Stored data
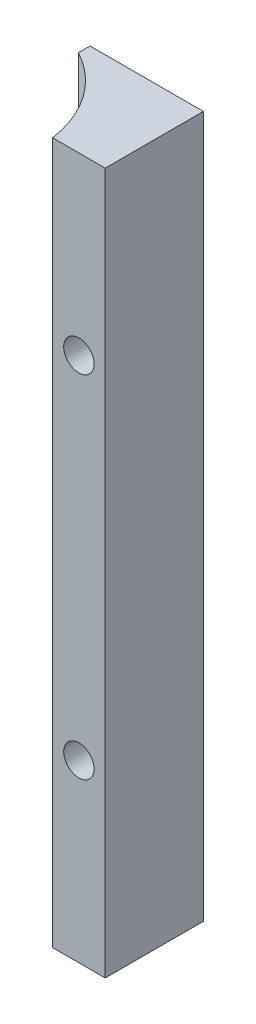
SolidWorks part; units mm, degrees
ref_plane "Front" through (0, 0, 0) normal (0, 0, 1) x (1, 0, 0)
ref_plane "Top" through (0, 0, 0) normal (0, 1, 0) x (1, 0, 0)
ref_plane "Right" through (0, 0, 0) normal (1, 0, 0) x (0, 0, -1)
sketch "Sketch1" plane through (0, 0, 0) normal (0, 1, 0) x (1, 0, 0)
  line L0 (0, 0) -> (0, 8.4)
  line L1 (0, 8.4) -> (-9.6948, 8.4)
  line L2 (-9.6948, 8.4) -> (-9.6948, 7.4)
  line L3 (-4.5, 0) -> (0, 0)
  arc A0 (-9.6948, 7.4) -> (-4.5, 0) centre (-14.3979, -1.425) cw
  dimension "D3" = 10
  dimension "D1" = 4.5
  dimension "D2" = 8.4
  dimension "D4" = 1.425
  dimension "D5" = 1
extrude "Boss-Extrude1" add sketch "Sketch1" along normal blind 60
sketch "Sketch2" plane through (0, 0, 0) normal (0, 0, 1) x (1, 0, 0)
  line L0 (-2.25, 60) -> (-2.25, 0) construction
  line L1 (-4.5, 60) -> (0, 60) construction
  line L2 (-4.5, 0) -> (0, 0) construction
  line L4 (-4.5, 60) -> (-4.5, 0) construction
  point P6 (-2.25, 45)
  point P7 (-2.25, 15)
  dimension "D1" = 15
  dimension "D2" = 15
  dimension "D3" = 2.25
hole_wizard "Ø2.6 (2.6) Diameter Hole1" positions "3DSketch1" profile "Sketch3" hole size "Ø2.6" standard "ANSI Metric" end condition up to next
sketch3d "3DSketch1"
  point P0 (-2.25, 45, 0)
  point P3 (-2.25, 15, 0)
sketch "Sketch3" plane through (-2.25, 45, 0) normal (1, 0, 0) x (0, -1, 0)
  line L0 (0, 0) -> (0, 8.4)
  line L1 (0, 8.4) -> (1.3, 8.4)
  line L2 (1.3, 8.4) -> (1.3, 0)
  line L5 (1.3, 0) -> (0, 0)
  line L11 (0, -6.35) -> (0, 107.95) construction
  dimension "Thru Hole Dia." = 2.6
  dimension "Thru Hole Depth" = 8.4

Problem: When you return the records, keep every word unchanged and drop the pictures.

Exercise answer:
SolidWorks part; units mm, degrees
ref_plane "Front" through (0, 0, 0) normal (0, 0, 1) x (1, 0, 0)
ref_plane "Top" through (0, 0, 0) normal (0, 1, 0) x (1, 0, 0)
ref_plane "Right" through (0, 0, 0) normal (1, 0, 0) x (0, 0, -1)
sketch "Sketch1" plane through (0, 0, 0) normal (0, 1, 0) x (1, 0, 0)
  line L0 (0, 0) -> (0, 8.4)
  line L1 (0, 8.4) -> (-9.6948, 8.4)
  line L2 (-9.6948, 8.4) -> (-9.6948, 7.4)
  line L3 (-4.5, 0) -> (0, 0)
  arc A0 (-9.6948, 7.4) -> (-4.5, 0) centre (-14.3979, -1.425) cw
  dimension "D3" = 10
  dimension "D1" = 4.5
  dimension "D2" = 8.4
  dimension "D4" = 1.425
  dimension "D5" = 1
extrude "Boss-Extrude1" add sketch "Sketch1" along normal blind 60
sketch "Sketch2" plane through (0, 0, 0) normal (0, 0, 1) x (1, 0, 0)
  line L0 (-2.25, 60) -> (-2.25, 0) construction
  line L1 (-4.5, 60) -> (0, 60) construction
  line L2 (-4.5, 0) -> (0, 0) construction
  line L4 (-4.5, 60) -> (-4.5, 0) construction
  point P6 (-2.25, 45)
  point P7 (-2.25, 15)
  dimension "D1" = 15
  dimension "D2" = 15
  dimension "D3" = 2.25
hole_wizard "Ø2.6 (2.6) Diameter Hole1" positions "3DSketch1" profile "Sketch3" hole size "Ø2.6" standard "ANSI Metric" end condition up to next
sketch3d "3DSketch1"
  point P0 (-2.25, 45, 0)
  point P3 (-2.25, 15, 0)
sketch "Sketch3" plane through (-2.25, 45, 0) normal (1, 0, 0) x (0, -1, 0)
  line L0 (0, 0) -> (0, 8.4)
  line L1 (0, 8.4) -> (1.3, 8.4)
  line L2 (1.3, 8.4) -> (1.3, 0)
  line L5 (1.3, 0) -> (0, 0)
  line L11 (0, -6.35) -> (0, 107.95) construction
  dimension "Thru Hole Dia." = 2.6
  dimension "Thru Hole Depth" = 8.4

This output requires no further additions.